En wat denkt hij over God? ‘God vergeet het, Hij verbergt zijn aangezicht, Hij ziet het in eeuwigheid niet’ (10:11). De Psalmist wendt zich nu rechtstreeks tot God (10:12-15): ‘Sta op, HERE! o God, hef uw hand op, vergeet de ellendigen niet’ (10:12).
Hij herinnert er zichzelf aan dat God wel degelijk alle ellende en verdriet ziet dat zijn gebroken volk overkomt; Hij aanschouwt het; op zijn tijd, neemt Hij het in handen (10:14).
Dit is waarom het slachtoffer en de wees er wijs aan doen zichzelf ‘op U’ te verlaten (10:14). Zoveel kwaad wordt gepleegd in het geheim en zal niet aan het licht gebracht worden door het gewone judiciële proces. De psalmist roept daarom tot God om gerechtigheid: ‘Verbreek de arm van de goddeloze en boze, straf zijn goddeloosheid, totdat Gij ze niet meer vindt’ (in het Engels staat er op het eind in plaats van ‘totdat Gij ze niet meer vindt’ ‘that would not be found out’, d.w.z.: ‘dat niet aan het licht zou komen’) (10:15).

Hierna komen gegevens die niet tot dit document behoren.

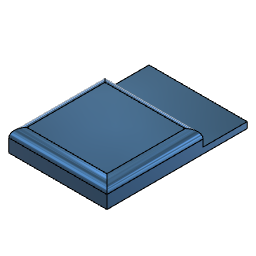
BMD-300 v3 (Autodesk Fusion 360 design; units mm, degrees)
Autodesk Fusion 360 part; units mm, degrees
sketch "Sketch1" plane through (0, 0, 0) normal (0, 1, 0) x (1, 0, 0)
  line L0 (0, 0) -> (9.8, 0)
  line L1 (9.8, 0) -> (9.8, 14)
  line L2 (9.8, 14) -> (0, 14)
  line L3 (0, 14) -> (0, 0)
  line L4 (0, 9.6) -> (9.8, 9.6)
  dimension "d1" = 9.8
  dimension "d2" = 14
  dimension "d3" = 9.6
  constraint horizontal L0
  constraint vertical L1
  constraint horizontal L2
  constraint vertical L3
  constraint coincident L0.start L3.end
  constraint coincident L3 L4.start
  constraint coincident L1 L4.end
  constraint perpendicular L1 L4
  measures "d1" distance of L0.start L0.end
  measures "d2" distance of L0.start L2.end
  measures "d3" distance of L0 L4
extrude "Extrude1" add sketch "Sketch1" along normal blind 0.6
extrude "Extrude2" add sketch "Sketch1" along normal blind 2.2 contours L0 L1 L3 L4
fillet "Fillet1" radius 0.9 4 edges at (4.9, 2.2, -9.6) (0, 2.2, -4.8) (4.9, 2.2, 0) (9.8, 2.2, -4.8)
named bodies: "BMD-300"
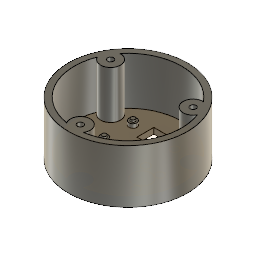
Module (Autodesk Fusion 360 design; units mm, degrees)
Autodesk Fusion 360 part; units mm, degrees
note: some values were not read from the file. Set by a fixed rule: which sketch regions a step uses.
sketch "Sketch1" plane through (0, 0, 0) normal (0, 0, 1) x (1, 0, 0)
  circle A0 centre (0, 0) radius 30
  dimension "d1" = 60
  measures "d1" diameter of A0
extrude "Extrude1" add sketch "Sketch1" along normal blind 27
sketch "Sketch2" plane through (0, 0, 0) normal (0, 0, -1) x (1, 0, 0)
  circle A0 centre (0, 0) radius 30
  line L0 (0, 24) -> (-20.7846, 12)
  line L1 (-20.7846, 12) -> (-20.7846, -12)
  line L2 (-20.7846, -12) -> (0, -24)
  line L3 (0, -24) -> (20.7846, -12)
  line L4 (20.7846, -12) -> (20.7846, 12)
  line L5 (20.7846, 12) -> (0, 24)
  circle A1 centre (0, 24) radius 1.5
  circle A2 centre (20.7846, -12) radius 1.5
  circle A3 centre (-20.7846, -12) radius 1.5
  dimension "d4" = 3
  dimension "d5" = 3
  dimension "d6" = 3
  measures "d4" diameter of A1
  measures "d5" diameter of A2
  measures "d6" diameter of A3
extrude "Extrude2" cut sketch "Sketch2" against normal blind 30 contours L0 L5 A1 | L0 L5 A1 | L1 L2 A3 | L1 L2 A3 | L3 L4 A2 | L3 L4 A2
sketch "Sketch3" plane through (0, 0, 0) normal (0, 0, -1) x (1, 0, 0)
  circle A0 centre (0, 24) radius 1.5
  circle A1 centre (20.7846, -12) radius 1.5
  circle A2 centre (-20.7846, -12) radius 1.5
  circle A3 centre (0, 0) radius 30
  line L0 (2.25, 25.299) -> (0, 26.5981)
  line L1 (0, 26.5981) -> (-2.25, 25.299)
  line L2 (-2.25, 25.299) -> (-2.25, 22.701)
  line L3 (-2.25, 22.701) -> (0, 21.4019)
  line L4 (0, 21.4019) -> (2.25, 22.701)
  line L5 (2.25, 22.701) -> (2.25, 25.299)
  line L6 (23.0821, -10.7869) -> (20.8828, -9.4038)
  line L7 (20.8828, -9.4038) -> (18.5853, -10.6169)
  line L8 (18.5853, -10.6169) -> (18.4871, -13.2131)
  line L9 (18.4871, -13.2131) -> (20.6864, -14.5962)
  line L10 (20.6864, -14.5962) -> (22.9839, -13.3831)
  line L11 (22.9839, -13.3831) -> (23.0821, -10.7869)
  line L12 (-18.5346, -10.701) -> (-20.7846, -9.4019)
  line L13 (-20.7846, -9.4019) -> (-23.0346, -10.701)
  line L14 (-23.0346, -10.701) -> (-23.0346, -13.299)
  line L15 (-23.0346, -13.299) -> (-20.7846, -14.5981)
  line L16 (-20.7846, -14.5981) -> (-18.5346, -13.299)
  line L17 (-18.5346, -13.299) -> (-18.5346, -10.701)
  dimension "d9" = 2.25
  dimension "d10" = 2.25
  dimension "d11" = 2.25
  measures "d9" distance of A3.centre L5
  measures "d10" distance of L11
  measures "d11" distance of L17
extrude "Extrude3" cut sketch "Sketch3" against normal blind 2.4 contours L0 L1 L2 L3 L4 L5 | L6 L7 L8 L9 L10 L11 | L12 L13 L14 L15 L16 L17
sketch "Sketch5" plane through (0, 0, 27) normal (0, 0, 1) x (-1, 0, 0)
  circle A0 centre (0, 24) radius 1.5
  circle A1 centre (-20.7846, -12) radius 1.5
  circle A2 centre (20.7846, -12) radius 1.5
  circle A3 centre (0, 0) radius 30
  circle A4 centre (0, 0) radius 27
  circle A5 centre (0, 24) radius 5
  circle A6 centre (-20.7846, -12) radius 5
  circle A7 centre (20.7846, -12) radius 5
  dimension "d14" = 10
  dimension "d15" = 10
  dimension "d16" = 10
  measures "d14" diameter of A5
  measures "d15" diameter of A6
  measures "d16" diameter of A7
extrude "Extrude4" cut sketch "Sketch5" against normal blind 24 contours A4 A5 A6 A7
sketch "Sketch7" plane through (0, 0, 3) normal (0, 0, 1) x (-1, 0, 0)
  arc A0 (-4.2295, 26.6667) -> (-25.2088, -9.6705) centre (0, 0) ccw
  arc A1 (-20.9792, -16.9962) -> (-25.2088, -9.6705) centre (-20.7846, -12) ccw
  arc A2 (-20.9792, -16.9962) -> (20.9792, -16.9962) centre (0, 0) ccw
  arc A3 (25.2088, -9.6705) -> (20.9792, -16.9962) centre (20.7846, -12) ccw
  arc A4 (25.2088, -9.6705) -> (4.2295, 26.6667) centre (0, 0) ccw
  arc A5 (-4.2295, 26.6667) -> (4.2295, 26.6667) centre (0, 24) ccw
  line L0 (-4.25, -8.75) -> (4.25, -8.75)
  line L1 (4.25, -8.75) -> (4.25, -17.25)
  line L2 (4.25, -17.25) -> (-4.25, -17.25)
  line L3 (-4.25, -17.25) -> (-4.25, -8.75)
  line L4 (-4.25, -8.75) -> (4.25, -17.25) construction
  line L5 (4.25, -8.75) -> (-4.25, -17.25) construction
  dimension "d22" = 8.5
  dimension "d23" = 8.5
extrude "Extrude5" cut sketch "Sketch7" against normal blind 5 contours L0 L1 L2 L3
sketch "Sketch8" plane through (0, 0, 3) normal (0, 0, 1) x (-1, 0, 0)
  line L0 (4.25, -8.75) -> (4.25, -17.25)
  line L1 (4.25, -17.25) -> (-4.25, -17.25)
  line L2 (-4.25, -17.25) -> (-4.25, -8.75)
  line L3 (-4.25, -8.75) -> (4.25, -8.75)
  arc A0 (-4.2295, 26.6667) -> (-25.2088, -9.6705) centre (0, 0) ccw
  arc A1 (-20.9792, -16.9962) -> (-25.2088, -9.6705) centre (-20.7846, -12) ccw
  arc A2 (-20.9792, -16.9962) -> (20.9792, -16.9962) centre (0, 0) ccw
  arc A3 (25.2088, -9.6705) -> (20.9792, -16.9962) centre (20.7846, -12) ccw
  arc A4 (25.2088, -9.6705) -> (4.2295, 26.6667) centre (0, 0) ccw
  arc A5 (-4.2295, 26.6667) -> (4.2295, 26.6667) centre (0, 24) ccw
  line L4 (5, -5) -> (8, -5)
  line L5 (8, -5) -> (8, -21)
  line L6 (8, -21) -> (5, -21)
  line L7 (5, -21) -> (5, -5)
  line L8 (5, -21) -> (-5, -21)
  line L9 (-5, -21) -> (-5, -18)
  line L10 (-5, -18) -> (5, -18)
  line L11 (5, -18) -> (5, -21)
  line L12 (-5, -21) -> (-8, -21)
  line L13 (-8, -21) -> (-8, -5)
  line L14 (-8, -5) -> (-5, -5)
  line L15 (-5, -5) -> (-5, -21)
sketch "Sketch9" plane through (0, 0, 3) normal (0, 0, 1) x (-1, 0, 0)
  line L0 (4.25, -8.75) -> (4.25, -17.25)
  line L1 (4.25, -17.25) -> (-4.25, -17.25)
  line L2 (-4.25, -17.25) -> (-4.25, -8.75)
  line L3 (-4.25, -8.75) -> (4.25, -8.75)
  arc A0 (-4.2295, 26.6667) -> (-25.2088, -9.6705) centre (0, 0) ccw
  arc A1 (-20.9792, -16.9962) -> (-25.2088, -9.6705) centre (-20.7846, -12) ccw
  arc A2 (-20.9792, -16.9962) -> (20.9792, -16.9962) centre (0, 0) ccw
  arc A3 (25.2088, -9.6705) -> (20.9792, -16.9962) centre (20.7846, -12) ccw
  arc A4 (25.2088, -9.6705) -> (4.2295, 26.6667) centre (0, 0) ccw
  arc A5 (-4.2295, 26.6667) -> (4.2295, 26.6667) centre (0, 24) ccw
  circle A6 centre (-15, 8) radius 4.7
  dimension "d28" = 9.4
  measures "d28" diameter of A6
extrude "Extrude7" cut sketch "Sketch9" against normal blind 5 contours A6
sketch "Sketch10" plane through (0, 0, 3) normal (0, 0, 1) x (-1, 0, 0)
  circle A0 centre (-15, 8) radius 4.7
  line L0 (4.25, -8.75) -> (4.25, -17.25)
  line L1 (4.25, -17.25) -> (-4.25, -17.25)
  line L2 (-4.25, -17.25) -> (-4.25, -8.75)
  line L3 (-4.25, -8.75) -> (4.25, -8.75)
  arc A1 (-4.2295, 26.6667) -> (-25.2088, -9.6705) centre (0, 0) ccw
  arc A2 (-20.9792, -16.9962) -> (-25.2088, -9.6705) centre (-20.7846, -12) ccw
  arc A3 (-20.9792, -16.9962) -> (20.9792, -16.9962) centre (0, 0) ccw
  arc A4 (25.2088, -9.6705) -> (20.9792, -16.9962) centre (20.7846, -12) ccw
  arc A5 (25.2088, -9.6705) -> (4.2295, 26.6667) centre (0, 0) ccw
  arc A6 (-4.2295, 26.6667) -> (4.2295, 26.6667) centre (0, 24) ccw
  circle A7 centre (-18, 14) radius 2
  circle A8 centre (-18, 2) radius 2
  dimension "d31" = 4
  dimension "d32" = 4
  measures "d31" diameter of A7
  measures "d32" diameter of A8
extrude "Extrude8" add sketch "Sketch10" along normal blind 11.5 contours A7 | A8
sketch "Sketch13" plane through (0, 0, 3) normal (0, 0, 1) x (-1, 0, 0)
  circle A0 centre (-18, 14) radius 2
  circle A1 centre (-18, 2) radius 2
  circle A2 centre (-15, 8) radius 4.7
  line L0 (4.25, -8.75) -> (4.25, -17.25)
  line L1 (4.25, -17.25) -> (-4.25, -17.25)
  line L2 (-4.25, -17.25) -> (-4.25, -8.75)
  line L3 (-4.25, -8.75) -> (4.25, -8.75)
  arc A3 (-4.2295, 26.6667) -> (-25.2088, -9.6705) centre (0, 0) ccw
  arc A4 (-20.9792, -16.9962) -> (-25.2088, -9.6705) centre (-20.7846, -12) ccw
  arc A5 (-20.9792, -16.9962) -> (20.9792, -16.9962) centre (0, 0) ccw
  arc A6 (25.2088, -9.6705) -> (20.9792, -16.9962) centre (20.7846, -12) ccw
  arc A7 (25.2088, -9.6705) -> (4.2295, 26.6667) centre (0, 0) ccw
  arc A8 (-4.2295, 26.6667) -> (4.2295, 26.6667) centre (0, 24) ccw
  line L4 (0, -13) -> (-10.5, -13)
  line L5 (-10.5, -13) -> (-10.5, 1.5)
  line L6 (-10.5, 1.5) -> (0, 1.5)
  line L7 (0, 1.5) -> (0, -13)
  line L8 (0, -13) -> (10.5, -13)
  line L9 (10.5, -13) -> (10.5, 1.5)
  line L10 (10.5, 1.5) -> (0, 1.5)
  line L11 (0, 1.5) -> (0, -13)
  circle A9 centre (10.5, 1.5) radius 2
  circle A10 centre (-10.5, 1.5) radius 2
  circle A11 centre (10.5, -13) radius 2
  circle A12 centre (-10.5, -13) radius 2
  dimension "d35" = 14.5
  dimension "d36" = 10.5
  dimension "d37" = 14.5
  dimension "d38" = 4
  dimension "d39" = 4
  dimension "d40" = 4
  dimension "d41" = 4
  measures "d38" diameter of A9
  measures "d39" diameter of A10
  measures "d40" diameter of A11
  measures "d41" diameter of A12
extrude "Extrude9" add sketch "Sketch13" along normal blind 2 contours L8 L9 A11 | L8 L9 A11 | L5 L6 A10 | L5 L6 A10 | L9 L10 A9 | L9 L10 A9 | L4 L5 A12 | L4 L5 A12
sketch "Sketch14" plane through (0, 0, 5) normal (0, 0, 1) x (-1, 0, 0)
  circle A0 centre (10.5, -13) radius 2
  circle A1 centre (10.5, -13) radius 1.1
  circle A2 centre (-10.5, -13) radius 1.1
  circle A3 centre (10.5, 1.5) radius 1.1
  circle A4 centre (-10.5, 1.5) radius 1.1
  dimension "d44" = 2.2
  dimension "d45" = 2.2
  dimension "d46" = 2.2
  dimension "d47" = 2.2
  measures "d44" diameter of A1
  measures "d45" diameter of A2
  measures "d46" diameter of A3
  measures "d47" diameter of A4
extrude "Extrude10" add sketch "Sketch14" along normal blind 1 contours A1 | A2 | A3 | A4
sketch "Sketch15" plane through (0, 0, 14.5) normal (0, 0, 1) x (-1, 0, 0)
  circle A0 centre (-18, 2) radius 2
  circle A1 centre (-18, 2) radius 1.1
  circle A2 centre (-18, 14) radius 1.1
  dimension "d50" = 2.2
  dimension "d51" = 2.2
  measures "d50" diameter of A1
  measures "d51" diameter of A2
extrude "Extrude11" add sketch "Sketch15" along normal blind 1 contours A1 | A2
sketch "Sketch16" plane through (0, 0, 3) normal (0, 0, 1) x (-1, 0, 0)
  circle A0 centre (-10.5, -13) radius 2
  circle A1 centre (10.5, -13) radius 2
  circle A2 centre (-10.5, 1.5) radius 2
  circle A3 centre (10.5, 1.5) radius 2
  circle A4 centre (-18, 14) radius 2
  circle A5 centre (-18, 2) radius 2
  circle A6 centre (-15, 8) radius 4.7
  line L0 (4.25, -8.75) -> (4.25, -17.25)
  line L1 (4.25, -17.25) -> (-4.25, -17.25)
  line L2 (-4.25, -17.25) -> (-4.25, -8.75)
  line L3 (-4.25, -8.75) -> (4.25, -8.75)
  arc A7 (-4.2295, 26.6667) -> (-25.2088, -9.6705) centre (0, 0) ccw
  arc A8 (-20.9792, -16.9962) -> (-25.2088, -9.6705) centre (-20.7846, -12) ccw
  arc A9 (-20.9792, -16.9962) -> (20.9792, -16.9962) centre (0, 0) ccw
  arc A10 (25.2088, -9.6705) -> (20.9792, -16.9962) centre (20.7846, -12) ccw
  arc A11 (25.2088, -9.6705) -> (4.2295, 26.6667) centre (0, 0) ccw
  arc A12 (-4.2295, 26.6667) -> (4.2295, 26.6667) centre (0, 24) ccw
sketch "Sketch12" plane through (0, 0, 3) normal (0, 0, 1) x (-1, 0, 0)
  circle A0 centre (-18, 11) radius 2
  circle A1 centre (-18, -1) radius 2
  circle A2 centre (-15, 5) radius 4.7
  line L0 (4.25, -8.75) -> (4.25, -17.25)
  line L1 (4.25, -17.25) -> (-4.25, -17.25)
  line L2 (-4.25, -17.25) -> (-4.25, -8.75)
  line L3 (-4.25, -8.75) -> (4.25, -8.75)
  arc A3 (-4.2295, 26.6667) -> (-25.2088, -9.6705) centre (0, 0) ccw
  arc A4 (-20.9792, -16.9962) -> (-25.2088, -9.6705) centre (-20.7846, -12) ccw
  arc A5 (-20.9792, -16.9962) -> (20.9792, -16.9962) centre (0, 0) ccw
  arc A6 (25.2088, -9.6705) -> (20.9792, -16.9962) centre (20.7846, -12) ccw
  arc A7 (25.2088, -9.6705) -> (4.2295, 26.6667) centre (0, 0) ccw
  arc A8 (-4.2295, 26.6667) -> (4.2295, 26.6667) centre (0, 24) ccw
sketch "Sketch6" plane through (0, 0, 3) normal (0, 0, 1) x (-1, 0, 0)
  arc A0 (-4.2295, 26.6667) -> (-25.2088, -9.6705) centre (0, 0) ccw
  arc A1 (-20.9792, -16.9962) -> (-25.2088, -9.6705) centre (-20.7846, -12) ccw
  arc A2 (-20.9792, -16.9962) -> (20.9792, -16.9962) centre (0, 0) ccw
  arc A3 (25.2088, -9.6705) -> (20.9792, -16.9962) centre (20.7846, -12) ccw
  arc A4 (25.2088, -9.6705) -> (4.2295, 26.6667) centre (0, 0) ccw
  arc A5 (-4.2295, 26.6667) -> (4.2295, 26.6667) centre (0, 24) ccw
  line L0 (0, -17) -> (14.7224, -8.5)
  line L1 (14.7224, -8.5) -> (14.7224, 8.5)
  line L2 (14.7224, 8.5) -> (0, 17)
  line L3 (0, 17) -> (-14.7224, 8.5)
  line L4 (-14.7224, 8.5) -> (-14.7224, -8.5)
  line L5 (-14.7224, -8.5) -> (0, -17)
  line L6 (4.25, -21.25) -> (4.25, -12.75)
  line L7 (-4.25, -21.25) -> (4.25, -12.75) construction
  line L8 (4.25, -21.25) -> (-4.25, -12.75) construction
  circle A6 centre (-14.7224, 8.5) radius 4.7
  dimension "d19" = 8.5
  dimension "d20" = 8.5
  dimension "d21" = 9.4
  measures "d21" diameter of A6
sketch "Sketch4" plane through (0, 0, 0) normal (0, 0, -1) x (1, 0, 0)
  line L0 (-20.7846, -9.4019) -> (-18.5346, -10.701)
  line L1 (-18.5346, -10.701) -> (-18.5346, -13.299)
  line L2 (-18.5346, -13.299) -> (-20.7846, -14.5981)
  line L3 (-20.7846, -14.5981) -> (-23.0346, -13.299)
  line L4 (-23.0346, -13.299) -> (-23.0346, -10.701)
  line L5 (-23.0346, -10.701) -> (-20.7846, -9.4019)
  line L6 (0, 26.5981) -> (2.25, 25.299)
  line L7 (2.25, 25.299) -> (2.25, 22.701)
  line L8 (2.25, 22.701) -> (0, 21.4019)
  line L9 (0, 21.4019) -> (-2.25, 22.701)
  line L10 (-2.25, 22.701) -> (-2.25, 25.299)
  line L11 (-2.25, 25.299) -> (0, 26.5981)
  line L12 (20.8828, -9.4038) -> (23.0821, -10.7869)
  line L13 (23.0821, -10.7869) -> (22.9839, -13.3831)
  line L14 (22.9839, -13.3831) -> (20.6864, -14.5962)
  line L15 (20.6864, -14.5962) -> (18.4871, -13.2131)
  line L16 (18.4871, -13.2131) -> (18.5853, -10.6169)
  line L17 (18.5853, -10.6169) -> (20.8828, -9.4038)
  circle A0 centre (0, 0) radius 30
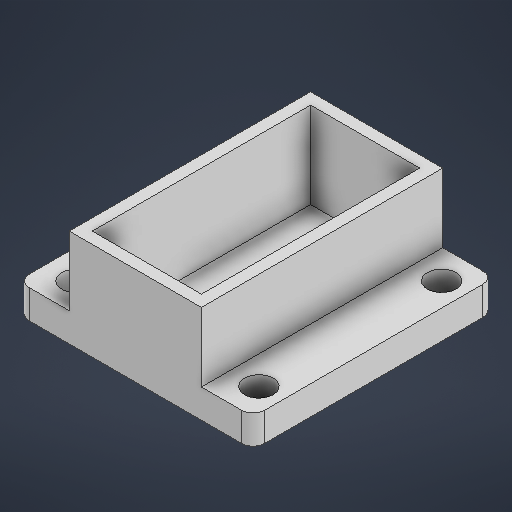
# Autodesk Inventor part: Teenscy Holder
Saved by Autodesk Inventor 2026 (Build 300175050, 175E)
## iProperties
Created: 2025-07-14
Part Number: Teenscy Holder
Material: Generic
Document SubType Name: Modeling
Designer: User
Density: 1 g/cm^3
Appearance: Default
Author: User
Autodesk Inventor part; units mm, degrees
ref_plane "YZ Plane" through (0, 0, 0) normal (1, 0, 0) x (0, 1, 0)
ref_plane "XZ Plane" through (0, 0, 0) normal (0, 1, 0) x (-1, 0, 0)
ref_plane "XY Plane" through (0, 0, 0) normal (0, 0, 1) x (1, 0, 0)
sketch "Sketch1" plane through (0, 0, 0) normal (0, 1, 0) x (-1, 0, 0)
  line L0 (19, 0) -> (0, 0)
  line L1 (0, 0) -> (0, -38)
  line L2 (0, -38) -> (19, -38)
  line L3 (19, -38) -> (19, 0)
  line L4 (21, 2) -> (-2, 2)
  line L5 (-2, 2) -> (-2, -40)
  line L6 (-2, -40) -> (21, -40)
  line L7 (21, -40) -> (21, 2)
  dimension "d0" = 19
  dimension "d1" = 38
  dimension "d2" = 90
  dimension "d3" = 90
  dimension "d9" = 42
  dimension "d10" = 2
  dimension "d11" = 2
  dimension "d12" = 2
  dimension "d30" = 22
  constraints: 16 end point, 2 horizontal, 2 perpendicular, 1 coincident, 1 parallel
  measures "d0" distance of L0.start L0.end
  measures "d1" distance of L0.end L1.end
  measures "d2" angle of L1 L0
  measures "d3" angle of L2 L3
  measures "d9" distance of L6.end L4.start
  measures "d10" distance between parallel lines of L3 L7
  measures "d11" distance between parallel lines of L6 L2
  measures "d12" horizontal distance of point (0, 0) L4.end
extrude "Extrusion1" add sketch "Sketch1" against normal blind 2 contours L3 L2 L1 L0 | L7 L6 L5 L4
sketch "Sketch2" plane through (0, 0, 0) normal (0, 1, 0) x (1, 0, 0)
  line L0 (0, 0) -> (0, 38)
  line L1 (0, 38) -> (-19, 38)
  line L2 (-19, 38) -> (-19, 0)
  line L3 (-19, 0) -> (0, 0)
  line L4 (-21, 40) -> (-21, -2) projected
  line L5 (2, 40) -> (-21, 40) projected
  line L6 (2, -2) -> (-21, -2) projected
  line L7 (-21, -2) -> (2, -2)
  line L8 (2, -2) -> (2, 40)
  line L9 (2, 40) -> (-21, 40)
  point P0 (2, 40)
  dimension "d15" = 2
  dimension "d16" = 2
  dimension "d17" = 90
  constraints: 14 end point, 4 perpendicular, 1 horizontal, 1 vertical
  measures "d15" distance between parallel lines of L4 L2
  measures "d16" distance between parallel lines of L5 L1
  measures "d17" angle of L8 L9
extrude "Extrusion2" add sketch "Sketch2" along normal blind 15
sketch "Sketch3" plane through (0, -2, 0) normal (0, -1, 0) x (1, 0, 0)
  circle A0 centre (-9, -19) radius 22.5 construction
  circle A1 centre (-24.9099, -3.0901) radius 2.5
  circle A2 centre (6.9099, -34.9099) radius 2.5
  line L0 (-24.9099, -3.0901) -> (6.9099, -34.9099) construction
  circle A3 centre (6.9099, -3.0901) radius 2.5
  line L1 (-24.9099, -34.9099) -> (6.9099, -3.0901) construction
  circle A4 centre (-24.9099, -34.9099) radius 2.5
  line L2 (-9, 3.5) -> (-9, -41.5) construction
  line L3 (2, -40) -> (2, 2) projected
  line L4 (-21, -40) -> (2, -40) projected
  line L5 (-21, 2) -> (-30, 2)
  line L6 (-30, 2) -> (-30, -40)
  line L7 (-30, -40) -> (-21, -40)
  line L8 (2, -40) -> (11, -40)
  line L9 (11, -40) -> (11, 2)
  line L10 (11, 2) -> (2, 2)
  line L11 (-21, 2) -> (-21, -40)
  point P0 (0, 0)
  point P1 (-9, -19)
  point P2 (-9, -19)
  dimension "d20" = 45
  dimension "d21" = 5
  dimension "d22" = 5
  dimension "d23" = 45
  dimension "d24" = 5
  dimension "d25" = 5
  dimension "d26" = 45
  dimension "d27" = 90
  dimension "d28" = 45
  dimension "d29" = 11
  dimension "d31" = 21
  dimension "d32" = 0
  dimension "d33" = 9
  dimension "d34" = 42
  dimension "d35" = 9
  constraints: 20 end point, 6 point on circle, 5 centre point, 3 vertical, 2 midpoint, 2 perpendicular, 1 coincident, 1 horizontal, 1 point on line
  measures "d20" diameter of A0
  measures "d21" diameter of A1
  measures "d22" diameter of A2
  measures "d23" distance of L0.start L0.end
  measures "d24" diameter of A4
  measures "d25" diameter of A3
  measures "d26" distance of L1.start L1.end
  measures "d27" angle of L0 L1
  measures "d28" angle of L2 L0
  measures "d29" distance from line of L3 point (-9, -19)
  measures "d31" distance from line of L4 point (-9, -19)
  measures "d32" distance from line of point (-9, -19) L2
  measures "d33" distance of L5.start L5.end
  measures "d34" distance of L5.end L6.end
  measures "d35" distance of L3.start L8.end
extrude "Extrusion3" add sketch "Sketch3" against normal blind 5
fillet "Fillet1" radius 2 4 edges at (11, 0.5, 2) (11, 0.5, -40) (-30, 0.5, -40) (-30, 0.5, 2)
body "Solid1"

De slotverzen (10:16-18) tonen de psalmist die zichzelf eraan herinnert dat Gods tijdsschaal minder dringt dan de onze: ‘De HEER is koning voor eeuwig en altijd: vijandige volken verdwijnen uit zijn land’ (10:16, NBV-vertaling). De tijdrekening die vooruitziet naar het verdwijnen van de volken is niet bedoeld om het vertrouwen te doen afnemen dat God zich ook bekommert om het kleinschalige individuele onheil. Het is eerder een andere manier om iets anders duidelijk te maken: ‘de raderen van Gods gerechtigheid malen zeer traag, maar ze malen wel zeer fijn’.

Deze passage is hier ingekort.